CUDA Paralell prefix sum error

I'm trying to implement a three phase parallel scan as described in chapter 8 of Programming Massively Parallel Processors 3rd edition (there are any line of code but only instructions). This algorithm allow to use only 1 block with the maximum number of threads in the block, and it is limited by the size of shared memory because all elements must to fit into the shared memory

After some debugging, I encoutered a problem during the sum in Phase 3 (see the code below) when I use a big number of elements, for instance 8192, and more than 1 thread.

The graphic concept of the algorith is the follow:

And below you can see the kernel code:

__global__ 
void efficient_Kogge_Stone_scan_kernel(float *X, float *Y, int InputSize) {
    __shared__ float XY[SECTION_SIZE];
    __shared__ float AUS[BLOCK_DIM];
    //int i = blockIdx.x * blockDim.x + threadIdx.x;

    // Keep mind: Partition the input into blockDim.x subsections: i.e. for 8 threads --> 8 subsections

    // collaborative load in a coalesced manner
    for (int j = 0; j < SECTION_SIZE; j += blockDim.x) {
        XY[threadIdx.x + j] = X[threadIdx.x + j];
    }
    __syncthreads();


    // PHASE 1: scan inner own subsection
    // At the end of this phase the last element of each subsection contains the sum of all alements in own subsection
    for (int j = 1; j < SUBSECTION_SIZE; j++) {
        XY[threadIdx.x * (SUBSECTION_SIZE)+j] += XY[threadIdx.x * (SUBSECTION_SIZE)+j - 1];
    }
    __syncthreads();


    // PHASE 2: perform iterative kogge_stone_scan of the last elements of each subsections of XY loaded first in AUS
    AUS[threadIdx.x] = XY[threadIdx.x * (SUBSECTION_SIZE)+(SUBSECTION_SIZE)-1];
    float in;
    for (unsigned int stride = 1; stride < blockDim.x; stride *= 2) {
        __syncthreads();
        if (threadIdx.x >= stride) {
            in = AUS[threadIdx.x - stride];
        }
        __syncthreads();
        if (threadIdx.x >= stride) {
            AUS[threadIdx.x] += in;
        }
    }
    __syncthreads();


    // PHASE 3: each thread adds to its elements the new value of the last element of its predecessor's section
    if (threadIdx.x > 0) {
        for (unsigned int stride = 0; stride < (SUBSECTION_SIZE); stride++) {
            XY[threadIdx.x * (SUBSECTION_SIZE)+stride] += AUS[threadIdx.x - 1];  // <-- 
        }
    }
    __syncthreads();


    // store the result into output vector
    for (int j = 0; j < SECTION_SIZE; j += blockDim.x) {
        Y[threadIdx.x + j] = XY[threadIdx.x + j];
    }
}

If I use one thread in the block and 8192 elements, it works perfectly, but if I use more then one thread, result is wrong in XY[5793] (or X[5793] when it finished and stored the results). With 4096 elements and one or more threads up to 1024 threads it works. If I use int instead of float numbers, it works even with 8192 elements with one or more threads.

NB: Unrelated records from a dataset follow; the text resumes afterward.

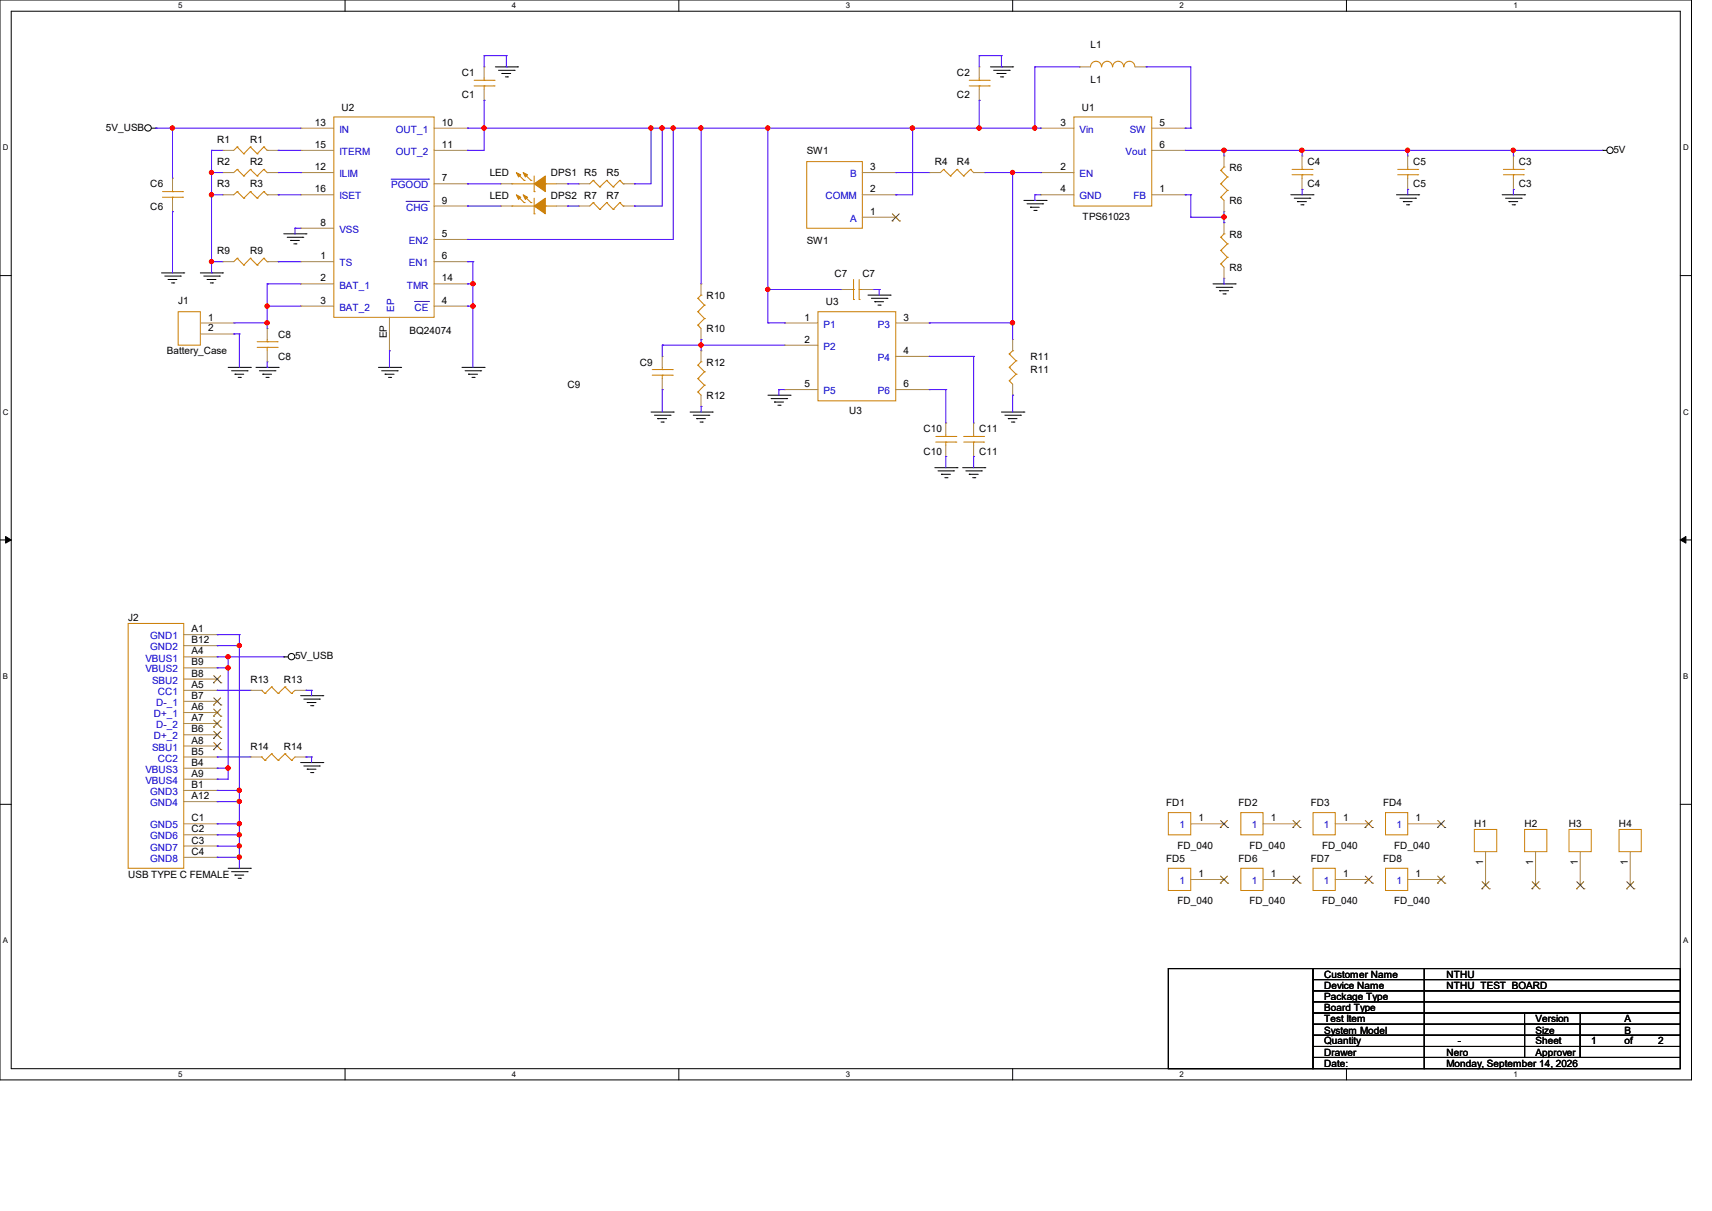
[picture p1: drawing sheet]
<svg xmlns="http://www.w3.org/2000/svg" width="297mm" height="210mm" viewBox="0 0 297 210" stroke-linecap="round" stroke-linejoin="round" font-family="sans-serif">
<path d="M0 0h293.5v187.3h-293.5zM1.9 1.9h289.6v183.4h-289.6z" fill="none" stroke="#000" stroke-width=".17"/>
<g fill="#fff">
<path d="M30.9 .2h.8v1.5h-.8z"/>
<path d="M30.9 185.5h.8v1.6h-.8z"/>
</g>
<path d="M59.9 0v1.9M59.9 185.3v2" fill="none" stroke="#000" stroke-width=".17"/>
<g fill="#fff">
<path d="M88.8 .2h.8v1.5h-.8z"/>
<path d="M88.8 185.5h.8v1.6h-.8z"/>
</g>
<path d="M117.8 0v1.9M117.8 185.3v2" fill="none" stroke="#000" stroke-width=".17"/>
<g fill="#fff">
<path d="M146.7 .2h.8v1.5h-.8z"/>
<path d="M146.7 185.5h.8v1.6h-.8z"/>
</g>
<path d="M175.7 0v1.9M175.7 185.3v2" fill="none" stroke="#000" stroke-width=".17"/>
<g fill="#fff">
<path d="M204.6 .2h.8v1.5h-.8z"/>
<path d="M204.6 185.5h.8v1.6h-.8z"/>
</g>
<path d="M233.6 0v1.9M233.6 185.3v2" fill="none" stroke="#000" stroke-width=".17"/>
<g fill="#fff">
<path d="M262.6 .2h.7v1.5h-.7z"/>
<path d="M262.6 185.5h.7v1.6h-.7z"/>
<path d="M.5 24.8h1v1.6h-1z"/>
<path d="M292 24.8h1v1.6h-1z"/>
<path d="M.5 70.7h1v1.5h-1z"/>
<path d="M292 70.7h1v1.5h-1z"/>
</g>
<path d="M0 47.8h1.9M291.5 47.8h2" fill="none" stroke="#000" stroke-width=".17"/>
<g fill="#fff">
<path d="M.5 116.5h.9v1.6h-.9z"/>
<path d="M292 116.5h.9v1.6h-.9z"/>
</g>
<path d="M0 93.6h1.9M291.5 93.6h2" fill="none" stroke="#000" stroke-width=".17"/>
<path d="M1 93l.9 .6-.9 .6zM291.5 93.6l1-.6v1.2z" fill="#000" stroke="#000" stroke-width=".17"/>
<g fill="#fff">
<path d="M.5 162.4h.9v1.5h-.9z"/>
<path d="M292 162.4h.9v1.5h-.9z"/>
</g>
<g fill="none" stroke="#000" stroke-width=".17">
<path d="M85.9 11.6h3.9M86.5 12.2h2.7M87.1 12.7h.1M87.1 12.7h1.5M87.7 13.3h.4M88.1 13.3h.1M89.2 12.2h.1M89.8 11.6h.1M171.8 11.6h3.9M172.4 12.2h2.7M173 12.7h.1M173 12.7h1.5"/>
<path d="M173.6 13.3h.3M173.9 13.3h.1M175.1 12.2h.1M175.7 11.6h.1M26.3 22.2h.8M27.1 22.2h.1M177.6 34.8h3.9M178.2 35.3h2.7M178.8 35.9h.1M178.8 35.9h1.5M179.4 36.5h.3M179.7 36.5h.1"/>
<path d="M180.9 35.3h.1M181.5 34.8h.1M223.9 33.8h3.9M224.5 34.4h2.7M225.1 35h.1M225.1 35h1.6M225.7 35.5h.4M226.1 35.5h.1M227.2 34.4h.1M227.8 33.8h.1M242.3 33.8h3.8M242.9 34.4h2.7"/>
<path d="M243.5 35h.1M243.5 35h1.5M244 35.5h.4M244.4 35.5h.1M245.6 34.4h.1M246.1 33.8h.1M260.6 33.8h3.9M261.2 34.4h2.7M261.8 35h.1M261.8 35h1.5M262.3 35.5h.5M262.8 35.5h.1"/>
<path d="M263.9 34.4h.1M264.5 33.8h.1M278 26.1h.1M278 26.1h.8M28 47.3h3.9M28.6 47.9h2.7M29.2 48.5h.1M29.2 48.5h1.5M29.8 49.1h.3M30.1 49.1h.1M31.3 47.9h.1M31.9 47.3h.1"/>
<path d="M34.8 47.3h3.8M35.3 47.9h2.8M35.9 48.5h.1M35.9 48.5h1.6M36.5 49.1h.4M36.9 49.1h.1M38.1 47.9h.1M38.6 47.3h.1M49.2 40.6h3.9M49.8 41.1h2.7M50.4 41.7h.1M50.4 41.7h1.5"/>
<path d="M51 42.3h.4M51.4 42.3h.1M52.5 41.1h.1M53.1 40.6h.1M150.6 51.2h3.8M151.2 51.7h2.7M151.8 52.3h.1M151.8 52.3h1.5M152.3 52.9h.4M152.7 52.9h.1M153.9 51.7h.1M154.4 51.2h.1"/>
<path d="M210.4 49.2h3.9M211 49.8h2.7M211.6 50.4h.1M211.6 50.4h1.5M212.2 51h.4M212.6 51h.1M213.7 49.8h.1M214.3 49.2h.1M39.6 63.7h3.8M40.2 64.3h2.7M40.8 64.9h.1M40.8 64.9h1.5"/>
<path d="M41.3 65.4h.4M41.7 65.4h.1M42.9 64.3h.1M43.4 63.7h.1M44.4 63.7h3.9M45 64.3h2.7M45.6 64.9h.1M45.6 64.9h1.5M46.1 65.4h.4M46.5 65.4h.1M47.7 64.3h.1M48.3 63.7h.1"/>
<path d="M65.7 63.7h3.8M66.2 64.3h2.7M66.8 64.9h.1M66.8 64.9h1.6M67.4 65.4h.4M67.8 65.4h.1M68.9 64.3h.1M69.5 63.7h.1M80.1 63.7h3.9M80.7 64.3h2.7M81.3 64.9h.1M81.3 64.9h1.5"/>
<path d="M81.9 65.4h.4M82.3 65.4h.1M83.4 64.3h.1M84 63.7h.1M112.9 71.5h3.9M113.5 72h2.7M114.1 72.6h.1M114.1 72.6h1.6M114.7 73.2h.4M115.1 73.2h.1M116.2 72h.1M116.8 71.5h.1"/>
<path d="M119.7 71.5h3.9M120.3 72h2.7M120.9 72.6h.1M120.9 72.6h1.5M121.5 73.2h.3M121.8 73.2h.1M123 72h.1M123.6 71.5h.1M133.2 68.5h3.9M133.8 69.1h2.7M134.4 69.7h.1M134.4 69.7h1.5"/>
<path d="M135 70.3h.3M135.3 70.3h.1M136.5 69.1h.1M137.1 68.5h.1M173.7 71.5h3.9M174.3 72h2.7M174.9 72.6h.1M174.9 72.6h1.5M175.5 73.2h.4M175.9 73.2h.1M177 72h.1M177.6 71.5h.1"/>
<path d="M162.2 81.1h3.8M162.7 81.7h2.7M163.3 82.3h.1M163.3 82.3h1.6M163.9 82.8h.4M164.3 82.8h.1M165.4 81.7h.1M166 81.1h.1M167 81.1h3.9M167.6 81.7h2.7M168.1 82.3h.1M168.1 82.3h1.6"/>
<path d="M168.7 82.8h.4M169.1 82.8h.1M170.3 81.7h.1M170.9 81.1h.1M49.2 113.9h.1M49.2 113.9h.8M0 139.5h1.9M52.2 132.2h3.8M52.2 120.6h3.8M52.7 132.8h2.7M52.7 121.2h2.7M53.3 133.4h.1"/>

I tryed to verify also in MATLAB and these are the outputs comparison:

X[5973] = 16788115 ---- MATLAB
X[5973] = 16788114 ---- CPU
X[5973] = 16788116 ---- GPU

As we can see, also the CPU result is different than MATLAB, so after these results I think that the problem is about the floating point addition, but I tell you that I filled the input array with ordered "x.00" float numbers (for instance {1.00, 2.00, 3.00, 4.00 ..... 8192.00}).

Another problem is about the performance, the host code is always faster than the kernel code, with these configuration parameters and these inputs, is it normal?

If you need for the entire source code you can find it here

Solution

8192 is 2^13

sum(1..8192) is near 8192^2/2: 8192*8193/2, that is a little more than 2^25.

You thus need 26 bits to represent it (see note below).

Single precision IEEE 754 float only have 24 bit significand, so, depending how the sum is performed (in which order), and eventually on rounding direction (generally it's the default round to nearest, tie to even), then the result might differ.

Note that strictly speaking, the exact sum can be represented in float without rounding, because the last 12 bits are zero, so the significand spans only 14 bits. But it's not true of partial sums.